- [Data extracts]:
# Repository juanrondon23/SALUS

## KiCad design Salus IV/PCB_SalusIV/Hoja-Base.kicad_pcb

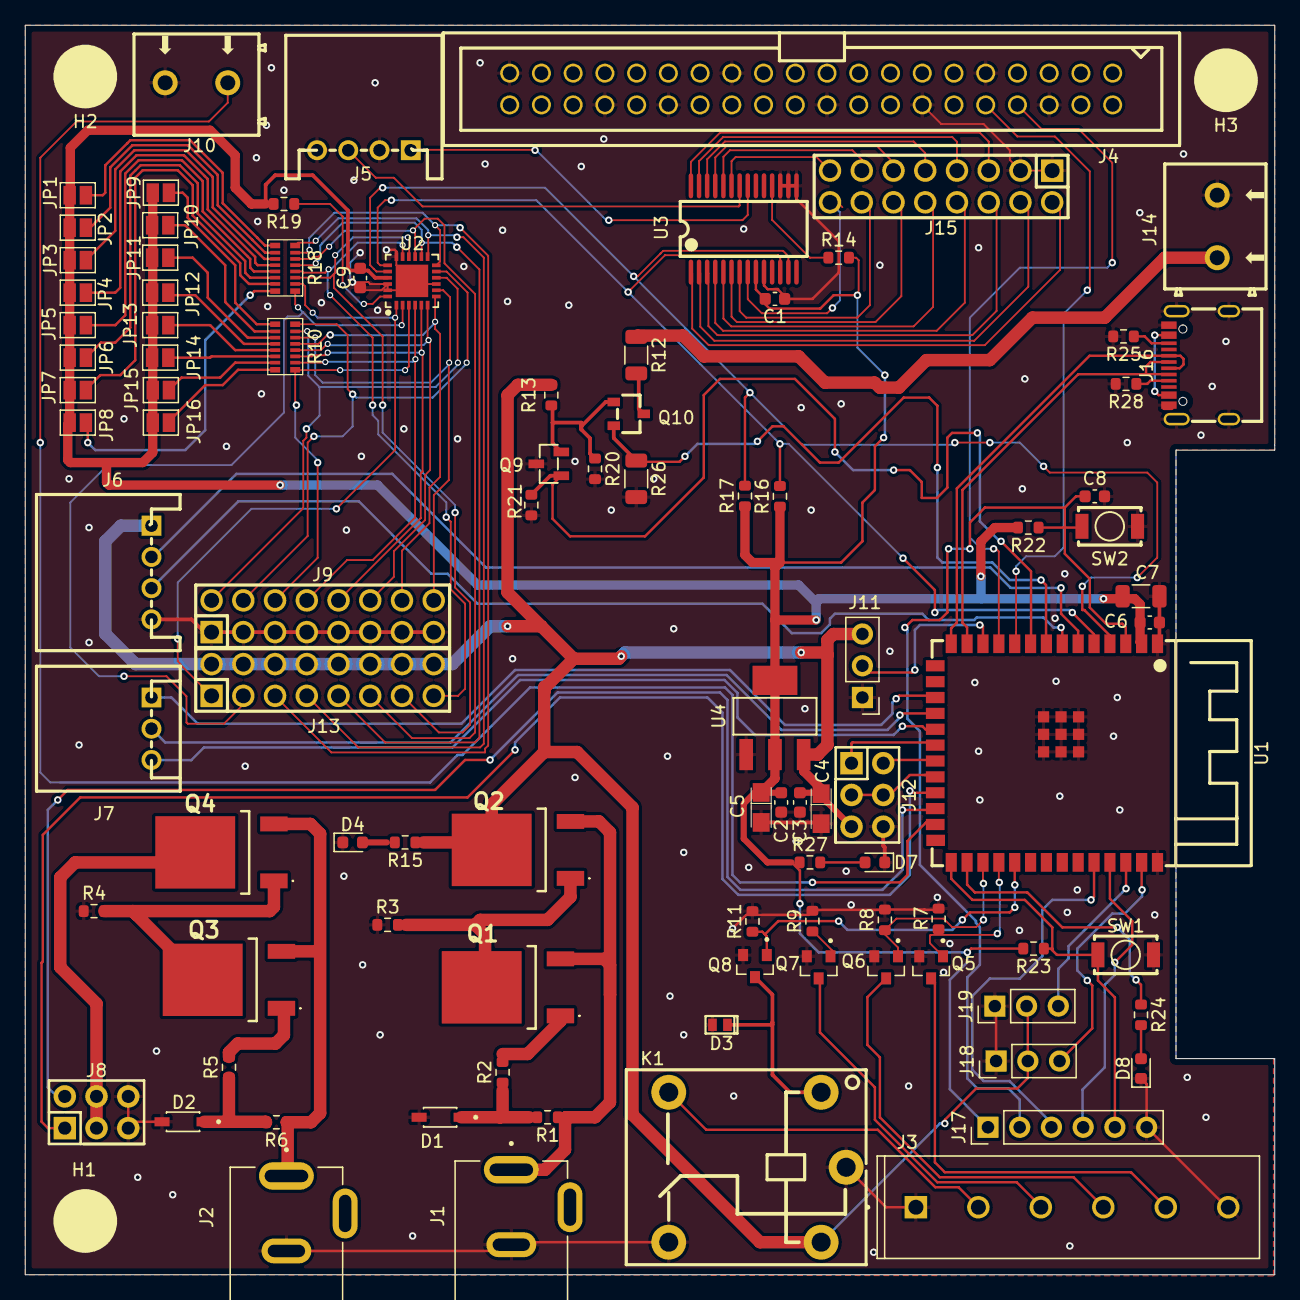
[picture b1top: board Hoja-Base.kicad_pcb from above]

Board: 2 copper layers, 100.0 x 100.0 mm, 98 parts (0 on the bottom side), 107 nets.

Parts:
C1, C2, C3, C6, C8, C9: 100nF; C_0603_1608Metric
C4, C5: 22uF; CASE-A_3216
C7: 22uF; C_1206_3216Metric
D1: BZT52C3V3; SOD3715X135N
D2: BZT52C5V1; SOD3715X135N
D3: TPTVS0971P; DFN1610-2L_L1.6-W1.0-P1.10-RD
D4: LED_Encendido; LED_0603_1608Metric
D7: LED_ESP32_RED; LED_0603_1608Metric
D8: LED_ESP32_YELLOW; LED_0603_1608Metric
H1, H2, H3: MountingHole; MountingHole_3.2mm_M3
J1, J2: DC-005-5A-2.0; XKB_DC-005-5A-2.0
J3: 282836-6; TE_282836-6
J4: IDC-TH_40P-P2.54_C9138
J5, J6: CONN-TH_S4B-XH-A-LF-SN
J7: CONN-TH_S3B-XH-A-LF-SN
J8, J12: HDR-TH_6P-P2.54-V-M-R2-C3-S2.54-1
J9, J13, J15: HDR-TH_16P-P2.54-V-M-R2-C8-S2.54
J10, J14: CONN-TH_2P-P5.00_CPC3703CTR
J11: RC; PinHeader_1x03_P2.54mm_Vertical
J16: USB-C-SMD_G-SWITCH_GT-USB-7010ASV
J17: Pruebas; PinHeader_1x06_P2.54mm_Vertical
J18: GPIO2-Libre; PinHeader_1x03_P2.54mm_Vertical
J19: GPIO1-Libre; PinHeader_1x03_P2.54mm_Vertical
JP1, JP2, JP3, JP4, JP5, JP6, JP7, JP8, JP9, JP10, JP11, JP12, JP13, JP14, JP15, JP16: Jumper_Soldado; SolderJumper-2_P1.3mm_Open_Pad1.0x1.5mm
K1: Relé-Arranque; RELAY-TH_SRD-XXVDC-XL-C
Q1, Q2, Q3, Q4: IRFR5305TRPBF
Q5, Q6, Q7, Q8: IRLML6344TRPBF; TRANS_IRLML6344TRPBF
Q9: SI2301CDS
Q10: RQ5P0
R1, R6, R13: 1K; R_0603_1608Metric
R2, R5, R7, R8, R9, R11, R20, R21: 47K; R_0603_1608Metric
R3, R4: 6.8K; R_0603_1608Metric
R10, R18: 4.7kΩ; RES-ARRAY-SMD_1606-16P-L4.0-W1.6-BL
R12: 47K; R_1206_3216Metric
R14, R22, R23: 10K; R_0603_1608Metric
R15: 390; R_0603_1608Metric
R16, R17, R19: 4.7K; R_0603_1608Metric
R24, R27: 180; R_0603_1608Metric
R25, R28: 5.1K; R_0603_1608Metric
R26: 1.5K; R_1206_3216Metric
SW1, SW2: Boton_Simple
U1: ESP32-S3-WROOM-1-N16; WIRELM-SMD_ESP32-S3-WROOM-1
U2: TCA; VQFN-24_L4.0-W4.0-P0.50-BL-EP2.5
U3: MCP; SSOP-28_L10.2-W5.3-P0.65-LS7.8-BL
U4: AMS; AMS1117

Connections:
7V: J8.3, J8.4, Q4.2 (D)
60V: J14.1, R12.1
+3.3V: C1.1, C2.1, C5.1, C6.1, C7.1, C9.1, J17.1, JP1.1 (A), JP2.1 (A), JP3.1 (A), JP4.1 (A), JP5.1 (A), JP6.1 (A), JP7.1 (A), JP8.1 (A), JP9.1 (A), JP10.1 (A), JP11.1 (A), JP12.1 (A), JP13.1 (A), JP14.1 (A), JP15.1 (A), JP16.1 (A), R14.2, R16.1, R17.1, R19.2, R22.2, R23.2, R27.1, U1.2 (3V3), U2.21 (VCC), U3.9 (VDD), U4.2 (VOUT), U4.4 (VOUT)
+5V: C3.1, C4.1, J6.1, J11.3, J12.5, J13.2, J13.4, J13.6, J13.8, J13.10, J13.12, J13.14, J13.16, J18.2, J19.2, K1.4, Q2.2 (D), R13.1, R15.1, U4.3 (VIN)
ACELERADOR: J10.1, U1.25 (IO48)
ADC_ES: Q10.2 (S), R26.1, U1.8 (IO15)
Arranque: Q8.1, R11.1, U1.31 (IO38)
BOOT: J17.5, R23.1, SW1.1, U1.27 (IO0)
CARRERA 1: J5.1, U3.21 (GPA0)
CARRERA 2: J5.3, U3.22 (GPA1)
Cambio: Q6.1, R8.1, U1.29 (IO36)
Control_Bat: Q9.1 (G), R21.1, U1.9 (IO16)
ENABLE: J12.3, J12.4, U1.22 (IO14)
Expansor 3: J15.15, U3.23 (GPA2)
Expansor 4: J15.13, U3.24 (GPA3)
Expansor 5: J15.11, U3.25 (GPA4)
Expansor 6: J15.9, U3.26 (GPA5)
Expansor 7: J15.7, U3.27 (GPA6)
Expansor 8: J15.5, U3.28 (GPA7)
Expansor 9: J15.16, U3.8 (GPB7)
Expansor 10: J15.14, U3.7 (GPB6)
Expansor 11: J15.12, U3.6 (GPB5)
Expansor 12: J15.10, U3.5 (GPB4)
Expansor 13: J15.8, U3.4 (GPB3)
Expansor 14: J15.6, U3.3 (GPB2)
Expansor 15: J15.4, U3.2 (GPB1)
Expansor 16: J15.2, U3.1 (GPB0)
GND: C1.2, C2.2, C3.2, C4.2, C5.2, C6.2, C7.2, C8.2, C9.2, D1.2 (A), D2.2 (A), D3.2 (A2), D4.1 (K), D7.1 (K), D8.1 (K), J1.2, J2.2, J3.1, J3.6, J4.6, J4.9, J4.14, J4.20, J4.25, J4.30, J4.34, J4.39, J5.2, J5.4, J6.4, J8.5, J8.6, J9.1, J9.3, J9.5, J9.7, J9.9, J9.11, J9.13, J9.15, J10.2, J11.1, J12.6, J14.2, J15.1, J15.3, J16.1 (SHELL), J16.2 (SHELL), J16.3 (SHELL), J16.4 (SHELL), J16.A1B12 (GND), J16.B1A12 (GND), J17.6, J18.1, J19.1, K1.3, K1.5, Q5.2, Q6.2, Q7.2, Q8.2, Q9.3 (D), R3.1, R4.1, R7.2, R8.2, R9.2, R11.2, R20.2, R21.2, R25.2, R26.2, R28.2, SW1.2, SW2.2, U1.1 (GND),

- [Work instruction]: Count every line in the data where the string "Arranque" occurs. Give nothing except the number.

- [Task solution]: 2